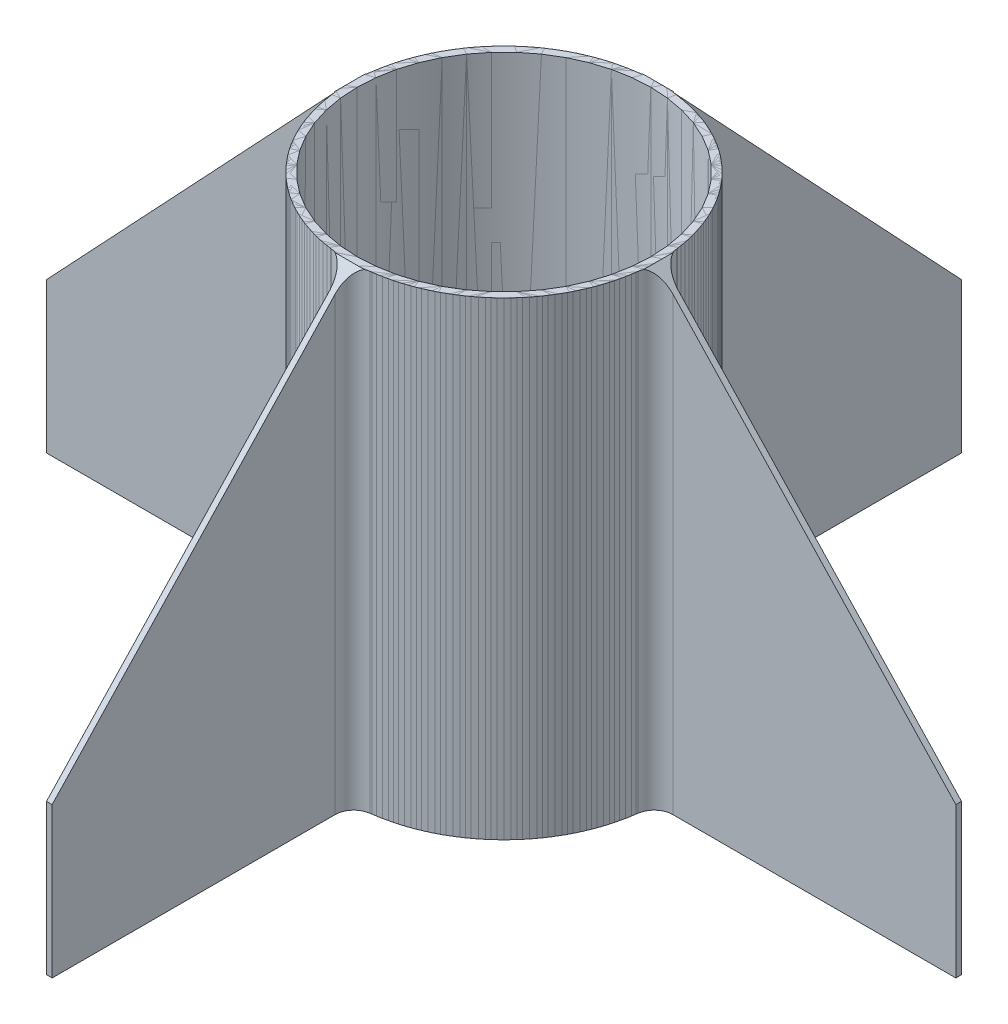
from build123d import *

# Parameters (mm, degrees)
SKETCH1_R                = 82.2
SKETCH1_R_2              = 78.2
BOSS_EXTRUDE1_DEPTH      = 250
BOSS_EXTRUDE2_DEPTH      = 1.5
BOSS_EXTRUDE2_DEPTH_BACK = 1.5
BOSS_EXTRUDE3_DEPTH      = 1.5
BOSS_EXTRUDE3_DEPTH_BACK = 1.5
SKETCH4_W                = 2
SKETCH4_H                = 250
FILLET1_R                = 10
CIRPATTERN1_COUNT        = 4


with BuildPart() as part:
    # Sketch1 → Boss-Extrude1 (new body)
    with BuildSketch(Plane(origin=(0, 0, 0), x_dir=(1, 0, 0), z_dir=(0, 1, 0))):
        with Locations(Location((0, 0, 0), (0, 0, 270))):
            Circle(SKETCH1_R)
        with Locations(Location((0, 0, 0), (0, 0, 270))):
            Circle(SKETCH1_R_2, mode=Mode.SUBTRACT)
    extrude(amount=BOSS_EXTRUDE1_DEPTH)



with BuildPart() as body_2:
    # Sketch2 → Boss-Extrude2 (new, two sides: drawn at the far end of the back side and taken through both)
    with BuildSketch(Plane.XY.offset(-BOSS_EXTRUDE2_DEPTH_BACK)):
        Polygon((82.2, 0), (82.2, 250), (242.2, 80), (242.2, 0), align=None)
    extrude(amount=BOSS_EXTRUDE2_DEPTH + BOSS_EXTRUDE2_DEPTH_BACK)


with BuildPart() as part_1:
    add(part.part)

    add(body_2.part)  # Boss-Extrude3 merges body 2
    # Sketch4 → Boss-Extrude3 (add, two sides: drawn at the far end of the back side and taken through both)
    with BuildSketch(Plane.XY.offset(-BOSS_EXTRUDE3_DEPTH_BACK)):
        with Locations((81.2, 125)):
            Rectangle(SKETCH4_W, SKETCH4_H)
    extrude(amount=BOSS_EXTRUDE3_DEPTH + BOSS_EXTRUDE3_DEPTH_BACK)

    # Fillet1
    # the kernel refuses this fillet: 10 mm, written as the material it adds along each edge
    with BuildSketch(Plane(origin=(82.186312729, 250, -1.5), x_dir=(1, 0, 0), z_dir=(0, -1, 0))) as fillet1_piece_1_section:
        with BuildLine():
            CenterArc((9.293685085, -10), FILLET1_R, 90, 82.834902495)
            ThreePointArc((-0.628223572, -8.752711497), (-0.19722945, -4.384744947), (0, 0))
            Line((0, 0), (9.293685085, 0))
        make_face()
    fillet1_piece_1 = extrude(amount=250, mode=Mode.PRIVATE)
    fillet1_piece_1 = split(fillet1_piece_1, bisect_by=Plane(origin=(146.068392849, 182.139832598, -3.473148008), z_dir=(-0.7281999926928029, -0.685364699004991, 0)), keep=Keep.TOP, mode=Mode.PRIVATE)
    add(fillet1_piece_1)
    with BuildSketch(Plane(origin=(82.186312729, 250, 1.5), x_dir=(-0.07159057113580586, 0, 0.9974341031488995), z_dir=(0, -1, 0))) as fillet1_piece_2_section:
        with BuildLine():
            CenterArc((9.309000808, -9.985744159), FILLET1_R, 93.059748024, 82.834902495)
            Line((-0.665340223, -9.269838447), (0, 0))
            ThreePointArc((0, 0), (4.387613913, -0.117183015), (8.775227826, 0))
        make_face()
    fillet1_piece_2 = extrude(amount=250, mode=Mode.PRIVATE)
    fillet1_piece_2 = split(fillet1_piece_2, bisect_by=Plane(origin=(146.06839285, 182.139832597, 3.473148008), z_dir=(-0.7281999926928029, -0.685364699004991, 0)), keep=Keep.TOP, mode=Mode.PRIVATE)
    add(fillet1_piece_2)


with BuildPart() as cirpattern1_1:
    # CirPattern1: pattern copy
    add(part_1.part.rotate(Axis((0, 0, 0), (0, 1, 0)), 1 * 360 / CIRPATTERN1_COUNT))


with BuildPart() as cirpattern1_2:
    # CirPattern1: pattern copy
    add(part_1.part.rotate(Axis((0, 0, 0), (0, 1, 0)), 2 * 360 / CIRPATTERN1_COUNT))


with BuildPart() as cirpattern1_3:
    # CirPattern1: pattern copy
    add(part_1.part.rotate(Axis((0, 0, 0), (0, 1, 0)), 3 * 360 / CIRPATTERN1_COUNT))


solid = Compound([part_1.part, cirpattern1_1.part, cirpattern1_2.part, cirpattern1_3.part])

--- WHAT TO WORK ON ---
Copy out all lines of the material above in which "drawn" occurs.

--- OUTPUT FOR THIS TASK ---
    # Sketch2 → Boss-Extrude2 (new, two sides: drawn at the far end of the back side and taken through both)
    # Sketch4 → Boss-Extrude3 (add, two sides: drawn at the far end of the back side and taken through both)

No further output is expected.